▶ **TASK ITEM**
Only the number is wanted: how many lines in the data contain "blind"?

+++ DATASET ENTRIES +++

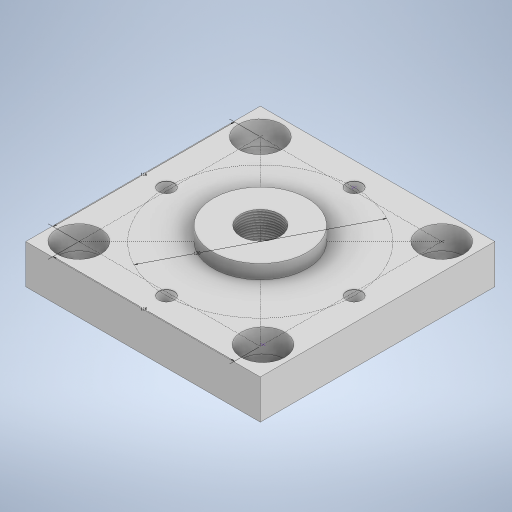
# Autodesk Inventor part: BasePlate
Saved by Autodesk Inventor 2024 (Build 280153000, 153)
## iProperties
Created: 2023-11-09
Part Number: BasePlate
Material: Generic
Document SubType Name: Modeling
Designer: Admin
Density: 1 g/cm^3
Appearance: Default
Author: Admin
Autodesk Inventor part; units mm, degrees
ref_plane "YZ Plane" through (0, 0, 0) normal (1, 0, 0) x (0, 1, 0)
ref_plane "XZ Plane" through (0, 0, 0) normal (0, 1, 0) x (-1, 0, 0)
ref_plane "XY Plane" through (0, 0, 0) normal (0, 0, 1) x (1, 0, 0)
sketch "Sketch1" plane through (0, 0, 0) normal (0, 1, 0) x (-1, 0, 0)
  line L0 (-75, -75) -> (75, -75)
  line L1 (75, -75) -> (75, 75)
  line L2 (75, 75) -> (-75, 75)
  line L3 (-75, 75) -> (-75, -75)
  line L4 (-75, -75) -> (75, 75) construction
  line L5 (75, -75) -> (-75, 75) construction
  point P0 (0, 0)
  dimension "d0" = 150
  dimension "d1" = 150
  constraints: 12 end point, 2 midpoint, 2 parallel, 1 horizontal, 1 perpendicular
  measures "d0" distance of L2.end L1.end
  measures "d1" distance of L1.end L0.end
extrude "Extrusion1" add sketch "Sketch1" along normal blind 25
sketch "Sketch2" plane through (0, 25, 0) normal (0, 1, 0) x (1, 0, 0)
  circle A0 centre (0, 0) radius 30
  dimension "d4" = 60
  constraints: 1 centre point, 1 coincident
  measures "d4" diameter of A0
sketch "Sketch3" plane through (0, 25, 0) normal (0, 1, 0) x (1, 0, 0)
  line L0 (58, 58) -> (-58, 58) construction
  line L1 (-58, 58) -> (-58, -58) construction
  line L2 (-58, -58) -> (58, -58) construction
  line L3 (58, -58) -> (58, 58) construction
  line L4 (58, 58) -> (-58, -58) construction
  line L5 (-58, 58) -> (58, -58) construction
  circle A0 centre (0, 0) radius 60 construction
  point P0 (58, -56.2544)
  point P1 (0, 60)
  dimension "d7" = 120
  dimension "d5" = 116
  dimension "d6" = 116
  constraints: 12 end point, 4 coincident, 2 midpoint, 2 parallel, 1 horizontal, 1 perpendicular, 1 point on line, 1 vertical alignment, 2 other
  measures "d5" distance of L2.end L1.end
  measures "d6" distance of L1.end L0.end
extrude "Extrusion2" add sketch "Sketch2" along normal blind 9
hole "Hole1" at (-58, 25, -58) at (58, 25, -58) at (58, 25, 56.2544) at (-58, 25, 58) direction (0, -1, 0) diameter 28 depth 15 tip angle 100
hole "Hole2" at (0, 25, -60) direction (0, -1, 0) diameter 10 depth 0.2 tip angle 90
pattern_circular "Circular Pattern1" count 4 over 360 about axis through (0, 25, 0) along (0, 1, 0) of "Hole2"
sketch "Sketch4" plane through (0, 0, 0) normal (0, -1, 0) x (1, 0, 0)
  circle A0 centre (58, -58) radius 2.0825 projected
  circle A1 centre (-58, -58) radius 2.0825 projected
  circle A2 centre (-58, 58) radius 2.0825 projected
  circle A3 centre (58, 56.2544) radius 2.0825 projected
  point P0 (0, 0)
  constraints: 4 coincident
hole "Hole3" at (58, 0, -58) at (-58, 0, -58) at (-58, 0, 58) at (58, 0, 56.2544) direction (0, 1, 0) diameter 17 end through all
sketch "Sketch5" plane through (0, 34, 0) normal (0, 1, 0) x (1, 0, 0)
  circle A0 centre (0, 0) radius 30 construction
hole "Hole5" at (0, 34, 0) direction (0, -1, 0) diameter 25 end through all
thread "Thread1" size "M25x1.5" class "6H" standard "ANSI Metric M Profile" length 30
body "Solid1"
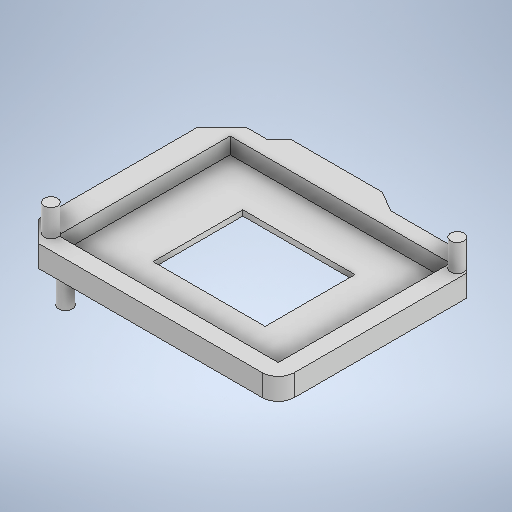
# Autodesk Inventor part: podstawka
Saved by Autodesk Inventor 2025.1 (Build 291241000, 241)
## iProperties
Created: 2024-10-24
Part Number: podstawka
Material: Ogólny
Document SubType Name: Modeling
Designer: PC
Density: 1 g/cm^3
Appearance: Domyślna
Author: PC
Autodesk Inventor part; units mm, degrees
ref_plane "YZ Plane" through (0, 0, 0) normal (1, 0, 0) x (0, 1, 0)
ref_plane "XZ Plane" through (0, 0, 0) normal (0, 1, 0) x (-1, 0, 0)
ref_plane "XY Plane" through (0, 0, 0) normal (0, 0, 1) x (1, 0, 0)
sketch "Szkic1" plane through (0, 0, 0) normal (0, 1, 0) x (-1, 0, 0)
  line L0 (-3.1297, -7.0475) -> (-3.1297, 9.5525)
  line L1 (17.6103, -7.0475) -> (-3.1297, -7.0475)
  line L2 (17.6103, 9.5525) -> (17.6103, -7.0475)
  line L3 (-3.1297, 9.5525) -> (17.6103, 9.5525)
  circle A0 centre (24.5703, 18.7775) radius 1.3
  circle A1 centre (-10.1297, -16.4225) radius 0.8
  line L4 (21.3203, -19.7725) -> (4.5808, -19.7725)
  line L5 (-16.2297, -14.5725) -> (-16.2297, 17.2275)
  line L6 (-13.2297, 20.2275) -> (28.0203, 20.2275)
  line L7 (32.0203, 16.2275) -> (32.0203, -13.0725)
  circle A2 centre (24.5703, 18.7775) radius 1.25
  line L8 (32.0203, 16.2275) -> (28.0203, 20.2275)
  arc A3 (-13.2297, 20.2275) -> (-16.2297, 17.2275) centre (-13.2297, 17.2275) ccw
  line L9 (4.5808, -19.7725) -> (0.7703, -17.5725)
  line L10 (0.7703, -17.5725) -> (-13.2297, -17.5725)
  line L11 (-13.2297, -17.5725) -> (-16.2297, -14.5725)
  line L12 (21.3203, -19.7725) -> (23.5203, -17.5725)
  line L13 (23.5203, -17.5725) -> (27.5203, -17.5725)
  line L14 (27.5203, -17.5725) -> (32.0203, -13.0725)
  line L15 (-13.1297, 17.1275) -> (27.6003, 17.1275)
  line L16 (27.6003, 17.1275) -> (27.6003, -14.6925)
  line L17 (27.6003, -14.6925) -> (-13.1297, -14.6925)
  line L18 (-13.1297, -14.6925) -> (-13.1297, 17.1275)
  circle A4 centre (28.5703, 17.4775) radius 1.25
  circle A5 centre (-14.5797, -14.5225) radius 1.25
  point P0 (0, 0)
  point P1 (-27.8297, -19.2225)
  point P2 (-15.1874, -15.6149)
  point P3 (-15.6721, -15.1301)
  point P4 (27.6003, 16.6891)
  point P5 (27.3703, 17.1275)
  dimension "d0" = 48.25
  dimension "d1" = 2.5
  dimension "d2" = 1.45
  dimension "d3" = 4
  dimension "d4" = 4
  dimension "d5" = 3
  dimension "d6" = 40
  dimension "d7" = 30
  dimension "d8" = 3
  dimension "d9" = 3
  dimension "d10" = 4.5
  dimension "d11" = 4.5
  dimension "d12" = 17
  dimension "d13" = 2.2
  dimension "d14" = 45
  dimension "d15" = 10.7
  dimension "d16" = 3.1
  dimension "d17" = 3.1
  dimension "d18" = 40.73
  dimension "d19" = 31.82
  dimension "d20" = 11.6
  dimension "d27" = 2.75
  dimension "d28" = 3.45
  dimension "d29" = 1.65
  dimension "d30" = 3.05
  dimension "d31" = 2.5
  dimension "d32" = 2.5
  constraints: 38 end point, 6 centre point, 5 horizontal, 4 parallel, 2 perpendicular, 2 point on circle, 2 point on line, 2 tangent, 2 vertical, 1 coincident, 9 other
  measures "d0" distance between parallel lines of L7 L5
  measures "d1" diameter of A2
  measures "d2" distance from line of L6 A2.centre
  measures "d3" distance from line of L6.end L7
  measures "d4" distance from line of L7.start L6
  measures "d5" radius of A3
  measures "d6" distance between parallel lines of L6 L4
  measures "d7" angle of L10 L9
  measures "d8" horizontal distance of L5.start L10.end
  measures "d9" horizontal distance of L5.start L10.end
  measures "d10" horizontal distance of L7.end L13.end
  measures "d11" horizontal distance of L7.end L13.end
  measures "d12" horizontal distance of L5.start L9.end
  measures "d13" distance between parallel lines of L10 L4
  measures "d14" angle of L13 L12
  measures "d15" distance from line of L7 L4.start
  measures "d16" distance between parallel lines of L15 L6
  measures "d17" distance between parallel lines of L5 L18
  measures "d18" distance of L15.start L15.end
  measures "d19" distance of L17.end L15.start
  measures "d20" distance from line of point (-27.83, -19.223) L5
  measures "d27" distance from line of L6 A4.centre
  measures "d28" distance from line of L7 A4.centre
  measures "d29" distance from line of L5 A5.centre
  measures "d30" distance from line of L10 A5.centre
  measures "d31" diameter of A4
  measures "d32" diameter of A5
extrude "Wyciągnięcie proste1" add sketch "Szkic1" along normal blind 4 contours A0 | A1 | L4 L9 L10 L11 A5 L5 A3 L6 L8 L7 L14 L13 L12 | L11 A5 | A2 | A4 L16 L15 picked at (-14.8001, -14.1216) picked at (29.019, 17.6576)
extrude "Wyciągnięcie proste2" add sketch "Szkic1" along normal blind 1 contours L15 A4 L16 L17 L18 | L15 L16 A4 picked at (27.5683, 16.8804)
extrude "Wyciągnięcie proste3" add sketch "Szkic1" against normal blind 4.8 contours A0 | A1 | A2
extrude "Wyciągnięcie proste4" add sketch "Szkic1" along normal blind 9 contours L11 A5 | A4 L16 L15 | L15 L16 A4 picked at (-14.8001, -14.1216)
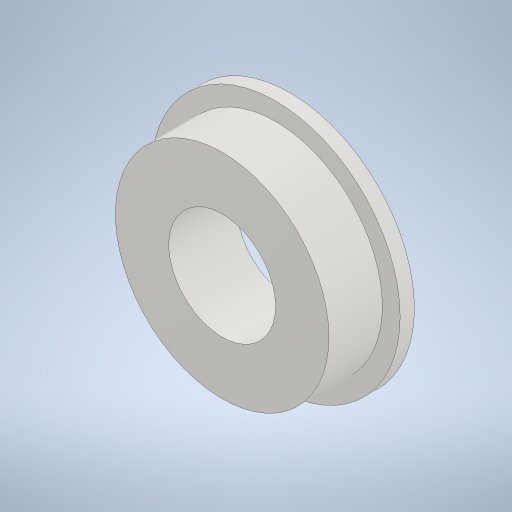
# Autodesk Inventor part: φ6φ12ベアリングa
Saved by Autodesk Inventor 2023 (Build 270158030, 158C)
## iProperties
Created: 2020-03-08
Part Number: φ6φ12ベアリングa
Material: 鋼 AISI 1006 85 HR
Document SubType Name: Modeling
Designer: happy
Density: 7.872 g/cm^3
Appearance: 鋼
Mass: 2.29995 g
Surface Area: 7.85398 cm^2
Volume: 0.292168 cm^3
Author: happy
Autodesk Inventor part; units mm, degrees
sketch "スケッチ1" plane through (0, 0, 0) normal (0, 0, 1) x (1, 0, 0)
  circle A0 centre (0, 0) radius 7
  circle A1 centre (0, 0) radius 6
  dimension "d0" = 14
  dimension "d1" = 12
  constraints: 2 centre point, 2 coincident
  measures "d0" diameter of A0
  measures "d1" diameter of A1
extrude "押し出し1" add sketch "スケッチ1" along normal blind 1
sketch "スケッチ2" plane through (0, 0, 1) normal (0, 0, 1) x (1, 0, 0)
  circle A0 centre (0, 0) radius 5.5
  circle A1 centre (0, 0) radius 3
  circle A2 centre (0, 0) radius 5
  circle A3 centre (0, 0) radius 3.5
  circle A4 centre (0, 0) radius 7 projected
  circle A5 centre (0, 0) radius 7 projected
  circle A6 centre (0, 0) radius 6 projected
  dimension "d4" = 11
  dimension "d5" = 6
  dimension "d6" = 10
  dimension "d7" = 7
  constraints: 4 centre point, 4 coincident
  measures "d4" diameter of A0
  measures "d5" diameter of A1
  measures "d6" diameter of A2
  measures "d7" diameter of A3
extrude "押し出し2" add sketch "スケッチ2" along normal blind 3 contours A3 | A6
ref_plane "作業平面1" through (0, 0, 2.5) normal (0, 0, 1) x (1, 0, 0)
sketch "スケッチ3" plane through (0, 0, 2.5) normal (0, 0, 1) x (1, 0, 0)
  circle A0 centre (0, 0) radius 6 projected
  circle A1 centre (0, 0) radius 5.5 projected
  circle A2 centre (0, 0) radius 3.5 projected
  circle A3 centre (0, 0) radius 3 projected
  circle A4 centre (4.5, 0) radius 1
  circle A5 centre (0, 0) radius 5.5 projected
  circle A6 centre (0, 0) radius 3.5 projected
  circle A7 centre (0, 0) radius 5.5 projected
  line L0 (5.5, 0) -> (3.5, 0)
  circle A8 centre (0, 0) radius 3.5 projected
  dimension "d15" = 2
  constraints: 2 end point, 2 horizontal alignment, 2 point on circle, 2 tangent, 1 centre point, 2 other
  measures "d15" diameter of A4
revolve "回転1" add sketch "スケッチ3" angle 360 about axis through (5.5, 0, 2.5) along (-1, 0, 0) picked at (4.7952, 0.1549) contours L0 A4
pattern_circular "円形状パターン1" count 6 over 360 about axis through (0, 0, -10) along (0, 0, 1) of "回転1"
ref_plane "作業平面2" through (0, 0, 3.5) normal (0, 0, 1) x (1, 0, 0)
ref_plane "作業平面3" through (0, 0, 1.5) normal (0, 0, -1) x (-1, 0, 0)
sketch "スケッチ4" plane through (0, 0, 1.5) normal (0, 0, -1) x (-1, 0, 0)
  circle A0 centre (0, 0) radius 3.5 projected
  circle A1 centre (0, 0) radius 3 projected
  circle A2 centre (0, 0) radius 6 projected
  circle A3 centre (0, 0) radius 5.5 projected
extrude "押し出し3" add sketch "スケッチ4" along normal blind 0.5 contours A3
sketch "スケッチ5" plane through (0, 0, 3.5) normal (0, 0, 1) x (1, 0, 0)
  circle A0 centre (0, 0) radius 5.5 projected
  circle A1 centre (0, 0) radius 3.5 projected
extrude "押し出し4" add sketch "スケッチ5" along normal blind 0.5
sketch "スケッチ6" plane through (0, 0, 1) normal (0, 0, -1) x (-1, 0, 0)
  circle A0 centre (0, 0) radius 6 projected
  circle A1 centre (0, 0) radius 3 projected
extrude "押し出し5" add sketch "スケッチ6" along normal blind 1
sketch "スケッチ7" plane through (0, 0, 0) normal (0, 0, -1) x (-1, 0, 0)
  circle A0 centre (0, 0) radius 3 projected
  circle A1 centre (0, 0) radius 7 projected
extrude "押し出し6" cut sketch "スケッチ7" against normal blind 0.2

+++

▶ **RESULT**
12